#!/usr/bin/env python
# coding: utf-8
# ###### Content under Creative Commons Attribution license CC-BY 4.0, code under MIT license (c)2014 L.A. Barba, G.F. Forsyth, C.D. Cooper.
# # Spreading out
# Welcome back! This is the third lesson of the course [Module 4](https://github.com/numerical-mooc/numerical-mooc/tree/master/lessons/04_spreadout), _Spreading out: parabolic PDEs,_ where we study the numerical solution of diffusion problems.
#
# In the first two notebooks, we looked at the 1D heat equation, and solved it numerically using [*explicit*](https://nbviewer.jupyter.org/github/numerical-mooc/numerical-mooc/blob/master/lessons/04_spreadout/04_01_Heat_Equation_1D_Explicit.ipynb) and [*implicit*](https://nbviewer.jupyter.org/github/numerical-mooc/numerical-mooc/blob/master/lessons/04_spreadout/04_02_Heat_Equation_1D_Implicit.ipynb) schemes. We learned that implicit schemes are unconditionally stable, and we are free to choose any time step. —Wait: _any time step?_ Remember, we still want to capture the physics of the problem accurately. So although stability concerns do not limit the time step, it still has to be small enough to satisfy any accuracy concerns.
#
# We are now ready to graduate to two dimensions! In the remaining lessons of this course module, we will study the 2D heat equation and reaction-diffusion equation. Like before, we start with explicit methods (this lesson) and then move to implicit methods (next lesson).

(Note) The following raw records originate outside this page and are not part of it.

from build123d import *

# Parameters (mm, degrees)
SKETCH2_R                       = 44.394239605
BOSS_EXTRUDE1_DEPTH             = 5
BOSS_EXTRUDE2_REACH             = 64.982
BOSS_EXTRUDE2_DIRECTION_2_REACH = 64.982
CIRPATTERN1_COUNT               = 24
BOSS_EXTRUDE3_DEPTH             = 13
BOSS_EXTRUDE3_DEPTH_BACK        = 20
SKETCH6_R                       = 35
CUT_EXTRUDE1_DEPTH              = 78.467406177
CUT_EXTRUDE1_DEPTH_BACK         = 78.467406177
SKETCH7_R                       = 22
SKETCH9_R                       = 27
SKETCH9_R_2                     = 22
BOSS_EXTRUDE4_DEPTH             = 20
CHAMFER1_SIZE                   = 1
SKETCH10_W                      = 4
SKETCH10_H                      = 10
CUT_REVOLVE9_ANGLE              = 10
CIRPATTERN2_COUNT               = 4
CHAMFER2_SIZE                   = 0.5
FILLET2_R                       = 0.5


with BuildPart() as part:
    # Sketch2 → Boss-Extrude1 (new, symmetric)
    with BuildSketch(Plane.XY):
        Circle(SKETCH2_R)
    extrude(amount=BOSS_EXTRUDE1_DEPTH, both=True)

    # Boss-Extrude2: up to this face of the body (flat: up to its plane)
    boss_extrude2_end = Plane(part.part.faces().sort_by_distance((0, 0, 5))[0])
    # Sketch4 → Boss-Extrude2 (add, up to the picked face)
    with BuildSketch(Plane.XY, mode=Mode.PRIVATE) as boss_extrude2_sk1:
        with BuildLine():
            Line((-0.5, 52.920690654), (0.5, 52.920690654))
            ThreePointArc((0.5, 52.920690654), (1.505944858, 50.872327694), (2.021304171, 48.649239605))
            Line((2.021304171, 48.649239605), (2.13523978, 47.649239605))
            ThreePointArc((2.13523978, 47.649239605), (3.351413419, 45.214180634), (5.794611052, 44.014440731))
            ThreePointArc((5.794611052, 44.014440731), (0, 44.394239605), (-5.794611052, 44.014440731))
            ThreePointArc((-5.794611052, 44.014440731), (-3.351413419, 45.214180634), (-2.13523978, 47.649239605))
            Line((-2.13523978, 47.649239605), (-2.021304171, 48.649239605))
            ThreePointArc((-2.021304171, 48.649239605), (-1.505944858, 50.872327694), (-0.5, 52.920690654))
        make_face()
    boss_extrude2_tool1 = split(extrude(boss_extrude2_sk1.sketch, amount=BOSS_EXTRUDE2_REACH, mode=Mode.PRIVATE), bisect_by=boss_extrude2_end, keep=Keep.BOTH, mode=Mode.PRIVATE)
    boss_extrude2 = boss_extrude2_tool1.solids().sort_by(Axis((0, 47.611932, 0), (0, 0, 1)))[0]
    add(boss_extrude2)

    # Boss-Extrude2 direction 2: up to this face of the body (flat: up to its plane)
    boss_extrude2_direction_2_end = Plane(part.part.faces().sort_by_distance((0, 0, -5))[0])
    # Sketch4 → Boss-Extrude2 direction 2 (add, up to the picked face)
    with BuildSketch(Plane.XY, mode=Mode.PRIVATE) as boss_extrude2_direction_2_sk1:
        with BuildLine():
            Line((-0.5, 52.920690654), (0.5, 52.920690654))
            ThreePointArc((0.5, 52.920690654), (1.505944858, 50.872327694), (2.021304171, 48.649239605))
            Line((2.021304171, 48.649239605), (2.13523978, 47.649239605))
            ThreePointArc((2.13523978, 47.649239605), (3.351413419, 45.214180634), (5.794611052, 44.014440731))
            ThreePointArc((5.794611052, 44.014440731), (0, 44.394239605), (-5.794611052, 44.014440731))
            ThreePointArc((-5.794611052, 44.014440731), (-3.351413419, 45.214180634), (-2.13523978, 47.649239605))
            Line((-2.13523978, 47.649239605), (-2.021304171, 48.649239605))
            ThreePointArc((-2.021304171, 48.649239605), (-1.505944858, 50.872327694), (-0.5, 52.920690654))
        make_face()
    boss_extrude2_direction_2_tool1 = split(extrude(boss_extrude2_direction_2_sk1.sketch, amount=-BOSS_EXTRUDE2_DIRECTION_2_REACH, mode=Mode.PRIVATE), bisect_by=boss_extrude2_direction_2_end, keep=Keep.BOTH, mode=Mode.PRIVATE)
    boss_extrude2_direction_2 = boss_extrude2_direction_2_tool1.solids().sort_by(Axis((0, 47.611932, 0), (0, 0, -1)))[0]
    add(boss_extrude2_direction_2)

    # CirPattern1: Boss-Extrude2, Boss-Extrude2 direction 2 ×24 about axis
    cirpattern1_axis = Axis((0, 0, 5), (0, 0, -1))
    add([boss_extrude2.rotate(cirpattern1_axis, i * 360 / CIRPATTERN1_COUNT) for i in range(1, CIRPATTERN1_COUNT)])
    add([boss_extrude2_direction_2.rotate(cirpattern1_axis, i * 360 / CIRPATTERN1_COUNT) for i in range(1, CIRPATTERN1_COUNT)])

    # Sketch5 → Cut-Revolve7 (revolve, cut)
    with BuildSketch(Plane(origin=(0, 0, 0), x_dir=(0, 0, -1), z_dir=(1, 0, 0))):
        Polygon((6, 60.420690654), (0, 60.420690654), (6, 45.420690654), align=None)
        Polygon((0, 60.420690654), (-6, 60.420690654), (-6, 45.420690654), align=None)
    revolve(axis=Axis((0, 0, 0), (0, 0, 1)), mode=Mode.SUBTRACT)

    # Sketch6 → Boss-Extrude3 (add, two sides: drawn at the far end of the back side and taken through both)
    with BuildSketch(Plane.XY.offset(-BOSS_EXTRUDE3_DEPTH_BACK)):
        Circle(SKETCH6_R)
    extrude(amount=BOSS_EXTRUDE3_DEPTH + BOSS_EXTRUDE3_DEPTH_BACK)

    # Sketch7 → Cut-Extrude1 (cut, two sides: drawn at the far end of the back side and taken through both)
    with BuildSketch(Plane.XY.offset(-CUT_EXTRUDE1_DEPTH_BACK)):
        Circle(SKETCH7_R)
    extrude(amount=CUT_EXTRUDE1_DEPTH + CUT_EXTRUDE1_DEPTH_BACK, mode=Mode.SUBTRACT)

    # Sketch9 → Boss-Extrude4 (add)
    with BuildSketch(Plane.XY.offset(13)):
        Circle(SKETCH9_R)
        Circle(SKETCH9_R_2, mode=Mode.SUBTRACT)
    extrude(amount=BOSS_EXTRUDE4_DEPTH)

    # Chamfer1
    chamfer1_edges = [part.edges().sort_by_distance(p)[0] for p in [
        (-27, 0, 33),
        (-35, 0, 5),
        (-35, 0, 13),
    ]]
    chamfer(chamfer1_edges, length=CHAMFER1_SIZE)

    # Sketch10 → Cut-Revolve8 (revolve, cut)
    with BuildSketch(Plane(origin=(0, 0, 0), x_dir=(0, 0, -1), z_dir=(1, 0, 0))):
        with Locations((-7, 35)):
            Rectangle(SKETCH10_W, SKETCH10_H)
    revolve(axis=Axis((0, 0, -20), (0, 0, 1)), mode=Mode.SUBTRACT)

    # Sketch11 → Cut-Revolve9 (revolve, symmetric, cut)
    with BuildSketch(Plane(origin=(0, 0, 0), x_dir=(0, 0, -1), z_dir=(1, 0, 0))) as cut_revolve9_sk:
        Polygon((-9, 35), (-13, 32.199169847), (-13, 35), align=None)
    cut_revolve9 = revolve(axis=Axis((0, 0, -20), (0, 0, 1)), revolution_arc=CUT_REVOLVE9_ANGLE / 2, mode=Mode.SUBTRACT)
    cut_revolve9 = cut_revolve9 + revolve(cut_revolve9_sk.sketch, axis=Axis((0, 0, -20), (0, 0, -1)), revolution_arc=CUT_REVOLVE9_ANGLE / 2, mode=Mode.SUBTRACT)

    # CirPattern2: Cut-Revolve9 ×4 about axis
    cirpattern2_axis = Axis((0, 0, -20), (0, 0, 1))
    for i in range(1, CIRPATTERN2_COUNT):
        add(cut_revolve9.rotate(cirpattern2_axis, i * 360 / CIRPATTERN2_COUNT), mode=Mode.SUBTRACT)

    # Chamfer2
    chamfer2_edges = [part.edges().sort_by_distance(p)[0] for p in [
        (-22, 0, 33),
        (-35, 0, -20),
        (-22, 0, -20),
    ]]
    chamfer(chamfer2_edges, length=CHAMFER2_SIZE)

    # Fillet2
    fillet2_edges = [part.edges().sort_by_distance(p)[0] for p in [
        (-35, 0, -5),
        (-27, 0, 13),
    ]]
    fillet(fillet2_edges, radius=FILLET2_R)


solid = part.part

Let's get started.
# ## 2D Heat conduction
# The equation of heat conduction in 2D is:
#
# $$
# \begin{equation}
# \rho c_p \frac{\partial T}{\partial t} = \frac{\partial}{\partial x} \left( \kappa_x \frac{\partial T}{\partial x} \right) + \frac{\partial}{\partial y} \left(\kappa_y \frac{\partial T}{\partial y} \right)
# \end{equation}
# $$
#
# where $\rho$ is the density, $c_p$ is the heat capacity and $\kappa$ is the thermal conductivity.
#
# If the thermal conductivity $\kappa$ is constant, then we can take it outside of the spatial derivative and the equation simplifies to:
#
# $$
# \begin{equation}
# \frac{\partial T}{\partial t} = \alpha \left(\frac{\partial^2 T}{\partial x^2} + \frac{\partial^2 T}{\partial y^2} \right)
# \end{equation}
# $$
#
# where $\alpha = \frac{\kappa}{\rho c_p}$ is the thermal diffusivity. The thermal diffusivity describes the ability of a material to conduct heat vs. storing it.
#
# Does that equation have a familiar look to it? That's because it's the same as the diffusion equation. There's a reason that $\alpha$ is called the thermal *diffusivity*! We're going to set up an interesting problem where 2D heat conduction is important, and set about to solve it with explicit finite-difference methods.
# ### Problem statement
# Removing heat out of micro-chips is a big problem in the computer industry. We are at a point in technology where computers can't run much faster because the chips might start failing due to the high temperature. This is a big deal! Let's study the problem more closely.
#
# We want to understand how heat is dissipated from the chip with a very simplified model. Say we consider the chip as a 2D plate of size $1{\rm cm}\times 1{\rm cm}$, made of Silicon: $\kappa = 159{\rm W/m C}$, $c_p = 0.712\cdot 10^3 {\rm J/kg C}$, $\rho = 2329{\rm kg/m}^3$, and diffusivity $\alpha \approx 10^{-4}{\rm m}^2{/\rm s}$. Silicon melts at $1414{\rm C}$, but chips should of course operate at much smaller temperatures. The maximum temperature allowed depends on the processor make and model; in many cases, the maximum temperature is somewhere between $60{\rm C}$ and $\sim70{\rm C}$, but better CPUs are recommended to operate at a [maximum of $80{\rm C}$](http://www.pugetsystems.com/blog/2009/02/26/intel-core-i7-temperatures/) (like the Intel Core i7, for example).
#
# We're going to set up a somewhat artificial problem, just to demonstrate an interesting numerical solution. Say the chip is in a position where on two edges (top and right) it is in contact with insulating material. On the other two edges the chip is touching other components that have a constant temperature of $T=100{\rm C}$ when the machine is operating. Initially, the chip is at room temperature $(20{\rm C})$. *How long does it take for the center of the chip to reach $70{\rm C}$?*
# 
#
# #### Figure 1: Simplified microchip problem setup.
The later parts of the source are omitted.